▶ What the task asks
The lines wanted are those in the data below that include "ezdxf".

▶ Stored records
======

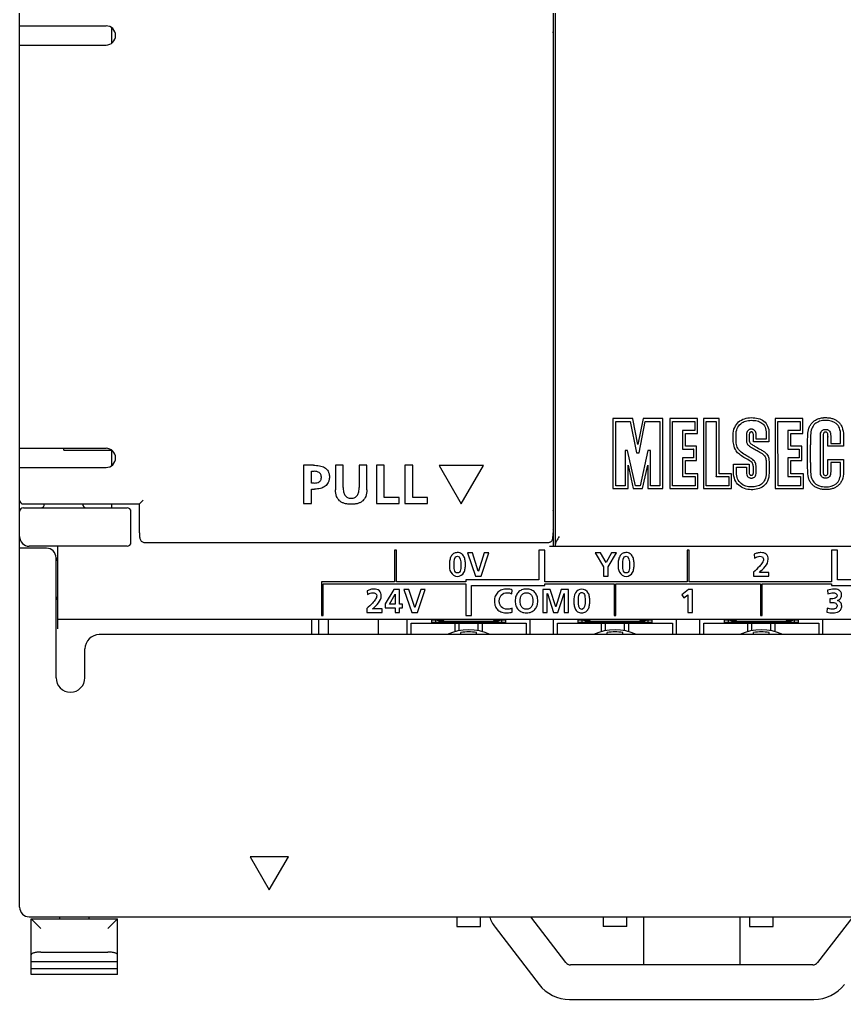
# Model space of a CAD drawing. Header units: millimetres. Extents: x 76 to 206, y 104 to 201.
# Drawn here: x 76.3 to 119.3, y 103.8 to 154.8 of the extents above; entities that cross this region are included whole.
import ezdxf

# ---------------------------------------------------------------- set-up
doc = ezdxf.new("R2010")
doc.units = ezdxf.units.MM
doc.header["$LTSCALE"] = 23.1
doc.layers.get('0').update_dxf_attribs({"linetype": 'CONTINUOUS'})

msp = doc.modelspace()

# ---------------------------------------------------------------- linework, layer by layer
at = {"color": 7, "linetype": 'Continuous'}
for p, q in [((76.309, 108.613), (76.309, 197.613)), ((104.209, 127.413), (104.209, 178.813)), ((104.091, 156.213), (104.091, 128.113)), ((76.309, 154.513), (80.809, 154.513)), ((81.109, 153.614), (81.109, 154.413)), ((104.109, 129.413), (104.109, 154.013)), ((76.309, 153.513), (80.809, 153.513)), ((107.209, 134.056), (107.209, 130.413)), ((108.236, 134.056), (107.209, 134.056)), ((107.352, 130.557), (107.352, 133.914)), ((107.352, 133.914), (108.11, 133.914)), ((108.11, 133.914), (108.436, 132.274)), ((108.238, 134.055), (108.236, 134.056)), ((108.504, 132.704), (108.238, 134.055)), ((108.773, 134.057), (108.504, 132.704)), ((108.566, 132.275), (108.891, 133.914)), ((109.802, 134.057), (108.773, 134.057)), ((108.891, 133.914), (108.891, 133.912)), ((108.891, 133.912), (109.65, 133.912)), ((109.65, 133.912), (109.65, 130.557)), ((109.802, 130.413), (109.802, 134.057)), ((110.165, 134.057), (110.165, 130.413)), ((111.615, 134.056), (110.165, 134.057)), ((110.312, 133.912), (111.467, 133.914)), ((110.312, 130.557), (110.312, 133.912)), ((111.467, 133.914), (111.467, 133.434)), ((111.615, 133.29), (111.615, 134.056)), ((111.921, 134.058), (111.921, 130.415)), ((112.733, 134.056), (111.921, 134.058)), ((112.067, 130.557), (112.068, 133.912)), ((112.068, 133.912), (112.587, 133.914)), ((112.587, 133.914), (112.587, 131.034)), ((112.733, 131.18), (112.733, 134.056)), ((115.654, 134.057), (115.654, 130.413)), ((117.103, 134.056), (115.654, 134.057)), ((115.8, 133.912), (116.957, 133.914)), ((115.802, 130.557), (115.8, 133.912)), ((116.957, 133.914), (116.957, 133.434)), ((117.103, 133.29), (117.103, 134.056)), ((110.832, 133.434), (110.832, 132.474)), ((111.467, 133.434), (110.832, 133.434)), ((110.977, 132.618), (110.977, 133.29)), ((110.977, 133.29), (111.615, 133.29)), ((113.469, 133.003), (113.469, 133.203)), ((113.617, 132.998), (113.616, 133.203)), ((114.156, 133.216), (114.156, 132.901)), ((114.303, 133.203), (114.303, 132.952)), ((114.524, 132.842), (114.524, 133.201)), ((114.67, 132.986), (114.67, 133.218)), ((115.187, 133.292), (115.187, 132.986)), ((115.333, 133.292), (115.333, 132.842)), ((116.321, 133.434), (116.321, 132.474)), ((116.957, 133.434), (116.321, 133.434)), ((116.467, 132.618), (116.467, 133.29)), ((116.467, 133.29), (117.103, 133.29)), ((119.062, 132.762), (119.062, 133.203)), ((119.209, 133.201), (119.209, 132.615)), ((115.333, 132.842), (114.522, 132.842)), ((115.187, 132.986), (114.67, 132.986)), ((118.008, 131.309), (118.008, 133.143)), ((118.155, 133.13), (118.155, 131.324)), ((118.399, 132.618), (118.399, 133.133)), ((118.545, 133.152), (118.545, 132.762)), ((118.545, 132.762), (119.062, 132.762)), ((76.309, 132.513), (80.809, 132.513)), ((78.609, 132.413), (78.609, 132.513)), ((78.609, 132.413), (81.109, 132.413)), ((81.109, 131.614), (81.109, 132.413)), ((107.841, 132.402), (107.841, 130.557)), ((107.972, 132.402), (107.841, 132.402)), ((108.378, 130.557), (107.972, 132.402)), ((108.436, 132.274), (108.566, 132.275)), ((109.032, 132.402), (108.625, 130.557)), ((109.16, 132.402), (109.032, 132.402)), ((109.16, 130.557), (109.16, 132.402)), ((110.832, 132.474), (111.411, 132.474)), ((111.555, 132.618), (110.977, 132.618)), ((111.41, 132.474), (111.41, 132.013)), ((111.411, 132.474), (111.41, 132.474)), ((111.555, 131.869), (111.555, 132.618)), ((116.321, 132.474), (116.901, 132.474)), ((117.045, 132.618), (116.467, 132.618)), ((116.898, 132.474), (116.898, 132.013)), ((116.901, 132.474), (116.898, 132.474)), ((117.045, 131.869), (117.045, 132.618)), ((119.209, 132.618), (118.399, 132.618)), ((110.832, 132.013), (110.832, 131.036)), ((111.41, 132.013), (110.832, 132.013)), ((110.977, 131.867), (110.981, 131.869)), ((110.977, 131.18), (110.977, 131.867)), ((110.981, 131.869), (111.555, 131.869)), ((113.488, 131.252), (113.488, 131.679)), ((113.488, 131.679), (114.303, 131.679)), ((114.303, 131.679), (114.303, 131.253)), ((115.187, 131.681), (115.187, 131.225)), ((115.334, 131.831), (115.334, 131.216)), ((116.321, 132.013), (116.321, 131.036)), ((116.898, 132.013), (116.321, 132.013)), ((116.467, 131.867), (116.469, 131.869)), ((116.467, 131.18), (116.467, 131.867)), ((116.469, 131.869), (117.045, 131.869)), ((118.399, 131.316), (118.399, 131.923)), ((118.399, 131.923), (119.209, 131.923)), ((118.545, 131.779), (118.545, 131.298)), ((119.062, 131.777), (118.545, 131.779)), ((119.062, 131.267), (119.062, 131.777)), ((119.209, 131.923), (119.209, 131.269)), ((76.309, 131.513), (80.809, 131.513)), ((91.101, 131.63), (91.101, 129.631)), ((91.608, 131.63), (91.101, 131.63)), ((91.502, 130.705), (91.502, 131.315)), ((91.502, 131.315), (91.643, 131.315)), ((92.759, 131.63), (92.759, 130.353)), ((93.16, 131.63), (92.759, 131.63)), ((93.16, 130.476), (93.16, 131.63)), ((93.991, 131.63), (93.991, 130.476)), ((94.392, 131.63), (93.991, 131.63)), ((94.392, 130.353), (94.392, 131.63)), ((94.892, 131.63), (94.892, 129.631)), ((95.293, 131.63), (94.892, 131.63)), ((95.293, 129.946), (95.293, 131.63)), ((96.378, 131.63), (96.378, 129.631)), ((96.778, 131.63), (96.378, 131.63)), ((96.778, 129.946), (96.778, 131.63)), ((98.155, 131.613), (99.309, 129.613)), ((100.465, 131.613), (98.155, 131.613)), ((99.309, 129.613), (100.465, 131.613)), ((107.992, 130.413), (107.992, 131.632)), ((107.992, 131.632), (108.258, 130.413)), ((108.752, 130.413), (109.018, 131.632)), ((109.018, 131.632), (109.018, 130.413)), ((111.634, 131.179), (110.977, 131.18)), ((111.633, 130.413), (111.634, 131.179)), ((113.387, 131.18), (112.733, 131.18)), ((113.387, 130.413), (113.387, 131.18)), ((113.635, 131.251), (113.635, 131.535)), ((113.635, 131.535), (114.156, 131.535)), ((114.156, 131.535), (114.156, 131.533)), ((114.156, 131.533), (114.156, 131.252)), ((114.522, 131.252), (114.522, 131.497)), ((114.67, 131.251), (114.67, 131.497)), ((117.123, 131.179), (116.467, 131.18)), ((117.123, 130.413), (117.123, 131.179)), ((91.643, 130.705), (91.502, 130.705)), ((110.832, 131.036), (111.486, 131.036)), ((111.486, 131.036), (111.486, 130.557)), ((112.587, 131.034), (112.588, 131.036)), ((112.588, 131.036), (113.242, 131.036)), ((113.242, 131.036), (113.242, 130.557)), ((116.321, 131.036), (116.975, 131.036)), ((116.975, 131.036), (116.976, 130.557)), ((91.502, 129.631), (91.502, 130.39)), ((91.502, 130.39), (91.671, 130.39)), ((107.209, 130.413), (107.992, 130.413)), ((107.841, 130.557), (107.352, 130.557)), ((108.258, 130.413), (108.752, 130.413)), ((108.625, 130.557), (108.378, 130.557)), ((109.018, 130.413), (109.802, 130.413)), ((109.65, 130.557), (109.16, 130.557)), ((110.165, 130.413), (111.633, 130.413)), ((111.486, 130.557), (110.312, 130.557)), ((111.921, 130.415), (111.922, 130.413)), ((111.922, 130.413), (113.387, 130.413)), ((113.242, 130.557), (112.067, 130.557)), ((115.654, 130.413), (117.123, 130.413)), ((116.976, 130.557), (115.802, 130.557)), ((76.509, 129.613), (82.548, 129.613)), ((81.109, 129.413), (81.109, 129.613)), ((82.548, 129.613), (82.748, 129.813)), ((82.548, 128.113), (82.548, 129.613)), ((91.101, 129.631), (91.502, 129.631)), ((94.892, 129.631), (96.069, 129.631)), ((96.069, 129.946), (95.293, 129.946)), ((96.069, 129.631), (96.069, 129.946)), ((96.378, 129.631), (97.555, 129.631)), ((97.555, 129.946), (96.778, 129.946)), ((97.555, 129.631), (97.555, 129.946)), ((76.509, 129.413), (81.909, 129.413)), ((82.109, 127.613), (82.109, 129.213)), ((104.109, 127.413), (104.109, 128.213)), ((82.801, 127.613), (103.865, 127.613)), ((77.709, 127.313), (76.309, 127.313)), ((81.909, 127.413), (76.809, 127.413)), ((78.309, 123.113), (78.309, 127.413)), ((95.834, 127.214), (95.834, 125.563)), ((95.934, 127.214), (95.834, 127.214)), ((95.934, 125.563), (95.934, 127.214)), ((99.631, 127.061), (100.043, 125.862)), ((99.889, 127.061), (99.631, 127.061)), ((100.196, 126.12), (99.889, 127.061)), ((100.503, 127.061), (100.199, 126.12)), ((100.338, 125.862), (100.742, 127.061)), ((100.742, 127.061), (100.503, 127.061)), ((103.354, 127.214), (103.354, 125.663)), ((103.654, 127.214), (103.354, 127.214)), ((103.654, 125.563), (103.654, 127.214)), ((103.909, 127.413), (205.809, 127.413)), ((106.284, 127.061), (106.722, 126.336)), ((106.566, 127.061), (106.284, 127.061)), ((106.849, 126.558), (106.566, 127.061)), ((107.137, 127.061), (106.849, 126.558)), ((106.962, 126.336), (107.392, 127.061)), ((107.392, 127.061), (107.137, 127.061)), ((111.074, 127.214), (111.074, 125.563)), ((111.174, 127.214), (111.074, 127.214)), ((111.174, 125.563), (111.174, 127.214)), ((118.594, 127.214), (118.594, 125.563)), ((118.894, 127.214), (118.594, 127.214)), ((118.894, 125.663), (118.894, 127.214)), ((78.209, 120.563), (78.209, 126.813)), ((114.559, 126.995), (114.577, 126.796)), ((100.199, 126.12), (100.196, 126.12)), ((106.722, 126.336), (106.722, 125.862)), ((106.962, 125.862), (106.962, 126.336)), ((114.531, 126.063), (114.531, 125.862)), ((115.328, 126.051), (114.838, 126.051)), ((115.328, 125.862), (115.328, 126.051)), ((92.024, 125.563), (92.024, 123.814)), ((95.834, 125.563), (92.024, 125.563)), ((99.544, 125.563), (95.934, 125.563)), ((99.544, 125.663), (99.544, 125.563)), ((103.354, 125.663), (99.544, 125.663)), ((100.043, 125.862), (100.338, 125.862)), ((111.074, 125.563), (103.654, 125.563)), ((106.722, 125.862), (106.962, 125.862)), ((118.594, 125.563), (111.174, 125.563)), ((114.531, 125.862), (115.328, 125.862)), ((126.214, 125.663), (118.894, 125.663)), ((92.124, 123.814), (92.124, 125.463)), ((92.124, 125.463), (99.544, 125.463)), ((94.413, 125.096), (94.432, 124.897)), ((95.798, 125.161), (95.35, 124.406)), ((96.097, 125.161), (95.798, 125.161)), ((96.097, 124.39), (96.097, 125.161)), ((96.324, 125.161), (96.736, 123.963)), ((96.582, 125.161), (96.324, 125.161)), ((96.889, 124.22), (96.582, 125.161)), ((97.196, 125.161), (96.892, 124.22)), ((97.031, 123.963), (97.435, 125.161)), ((97.435, 125.161), (97.196, 125.161)), ((99.544, 125.463), (99.544, 123.813)), ((99.844, 123.813), (99.844, 125.364)), ((99.844, 125.364), (103.654, 125.364)), ((101.947, 124.929), (101.965, 125.132)), ((103.558, 125.161), (103.558, 123.963)), ((103.943, 125.161), (103.558, 125.161)), ((103.654, 125.364), (103.654, 125.463)), ((103.654, 125.463), (107.264, 125.463)), ((104.228, 124.253), (103.943, 125.161)), ((104.516, 125.161), (104.231, 124.253)), ((104.901, 125.161), (104.516, 125.161)), ((104.901, 123.963), (104.901, 125.161)), ((107.264, 125.463), (107.264, 123.814)), ((107.364, 123.814), (107.364, 125.463)), ((107.364, 125.463), (114.884, 125.463)), ((111.136, 125.161), (110.786, 124.88)), ((111.349, 125.161), (111.136, 125.161)), ((111.349, 123.963), (111.349, 125.161)), ((114.884, 125.463), (114.884, 123.814)), ((114.984, 125.463), (118.594, 125.463)), ((114.984, 123.814), (114.984, 125.463)), ((118.385, 125.122), (118.399, 124.929)), ((118.594, 125.463), (118.594, 125.364)), ((118.594, 125.364), (122.404, 125.364)), ((95.566, 124.39), (95.864, 124.911)), ((95.864, 124.911), (95.867, 124.911)), ((95.867, 124.911), (95.867, 124.39)), ((103.788, 124.948), (103.792, 124.952)), ((103.788, 123.963), (103.788, 124.948)), ((103.792, 124.952), (104.115, 123.963)), ((104.345, 123.963), (104.668, 124.952)), ((104.668, 124.952), (104.671, 124.952)), ((104.671, 124.952), (104.671, 123.963)), ((110.786, 124.88), (110.906, 124.723)), ((110.906, 124.723), (111.109, 124.888)), ((111.109, 124.888), (111.109, 123.963)), ((118.608, 124.677), (118.499, 124.677)), ((118.499, 124.677), (118.499, 124.488)), ((94.386, 124.164), (94.386, 123.963)), ((95.183, 124.152), (94.693, 124.152)), ((95.183, 123.963), (95.183, 124.152)), ((95.35, 124.406), (95.35, 124.212)), ((95.35, 124.212), (95.867, 124.212)), ((95.867, 124.39), (95.566, 124.39)), ((95.867, 124.212), (95.867, 123.963)), ((96.25, 124.39), (96.097, 124.39)), ((96.097, 123.963), (96.097, 124.212)), ((96.097, 124.212), (96.25, 124.212)), ((96.25, 124.212), (96.25, 124.39)), ((96.892, 124.22), (96.889, 124.22)), ((101.966, 123.98), (101.956, 124.181)), ((104.231, 124.253), (104.228, 124.253)), ((118.361, 124.186), (118.348, 123.982)), ((118.499, 124.488), (118.615, 124.488)), ((78.309, 123.613), (204.309, 123.613)), ((91.509, 123.613), (91.509, 122.813)), ((91.884, 122.813), (91.884, 123.613)), ((92.024, 123.814), (92.124, 123.814)), ((92.384, 123.613), (92.384, 122.813)), ((94.386, 123.963), (95.183, 123.963)), ((94.974, 123.613), (94.974, 122.813)), ((95.867, 123.963), (96.097, 123.963)), ((96.494, 122.813), (96.494, 123.613)), ((96.736, 123.963), (97.031, 123.963)), ((97.774, 123.413), (97.774, 123.613)), ((98.394, 123.563), (97.774, 123.563)), ((97.969, 123.563), (97.969, 123.463)), ((98.164, 123.513), (98.029, 123.563)), ((98.164, 123.513), (101.224, 123.513)), ((98.344, 123.463), (98.344, 123.513)), ((98.394, 123.563), (98.394, 123.613)), ((98.934, 123.463), (98.909, 123.513)), ((99.544, 123.813), (99.844, 123.813)), ((100.409, 123.513), (100.409, 123.463)), ((100.994, 123.613), (100.994, 123.563)), ((101.614, 123.563), (100.994, 123.563)), ((101.044, 123.463), (101.044, 123.513)), ((101.359, 123.563), (101.224, 123.513)), ((101.419, 123.463), (101.419, 123.563)), ((101.614, 123.613), (101.614, 123.413)), ((102.894, 122.813), (102.894, 123.613)), ((103.558, 123.963), (103.788, 123.963)), ((104.114, 122.813), (104.114, 123.613)), ((104.115, 123.963), (104.345, 123.963)), ((104.671, 123.963), (104.901, 123.963)), ((105.394, 123.413), (105.394, 123.613)), ((106.014, 123.563), (105.394, 123.563)), ((105.589, 123.563), (105.589, 123.463)), ((105.784, 123.513), (105.649, 123.563)), ((105.784, 123.513), (108.844, 123.513)), ((105.964, 123.463), (105.964, 123.513)), ((106.014, 123.563), (106.014, 123.613)), ((107.264, 123.814), (107.364, 123.814)), ((108.614, 123.613), (108.614, 123.563)), ((109.234, 123.563), (108.614, 123.563)), ((108.664, 123.463), (108.664, 123.513)), ((108.979, 123.563), (108.844, 123.513)), ((109.039, 123.463), (109.039, 123.563)), ((109.234, 123.613), (109.234, 123.413)), ((110.514, 122.813), (110.514, 123.613)), ((111.109, 123.963), (111.349, 123.963)), ((111.734, 122.813), (111.734, 123.613)), ((113.014, 123.413), (113.014, 123.613)), ((113.634, 123.563), (113.014, 123.563)), ((113.209, 123.563), (113.209, 123.463)), ((113.404, 123.513), (113.269, 123.563)), ((113.404, 123.513), (116.464, 123.513)), ((113.584, 123.463), (113.584, 123.513)), ((113.634, 123.563), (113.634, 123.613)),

======

▶ Solution below
import ezdxf
doc = ezdxf.new("R2010")
doc.units = ezdxf.units.MM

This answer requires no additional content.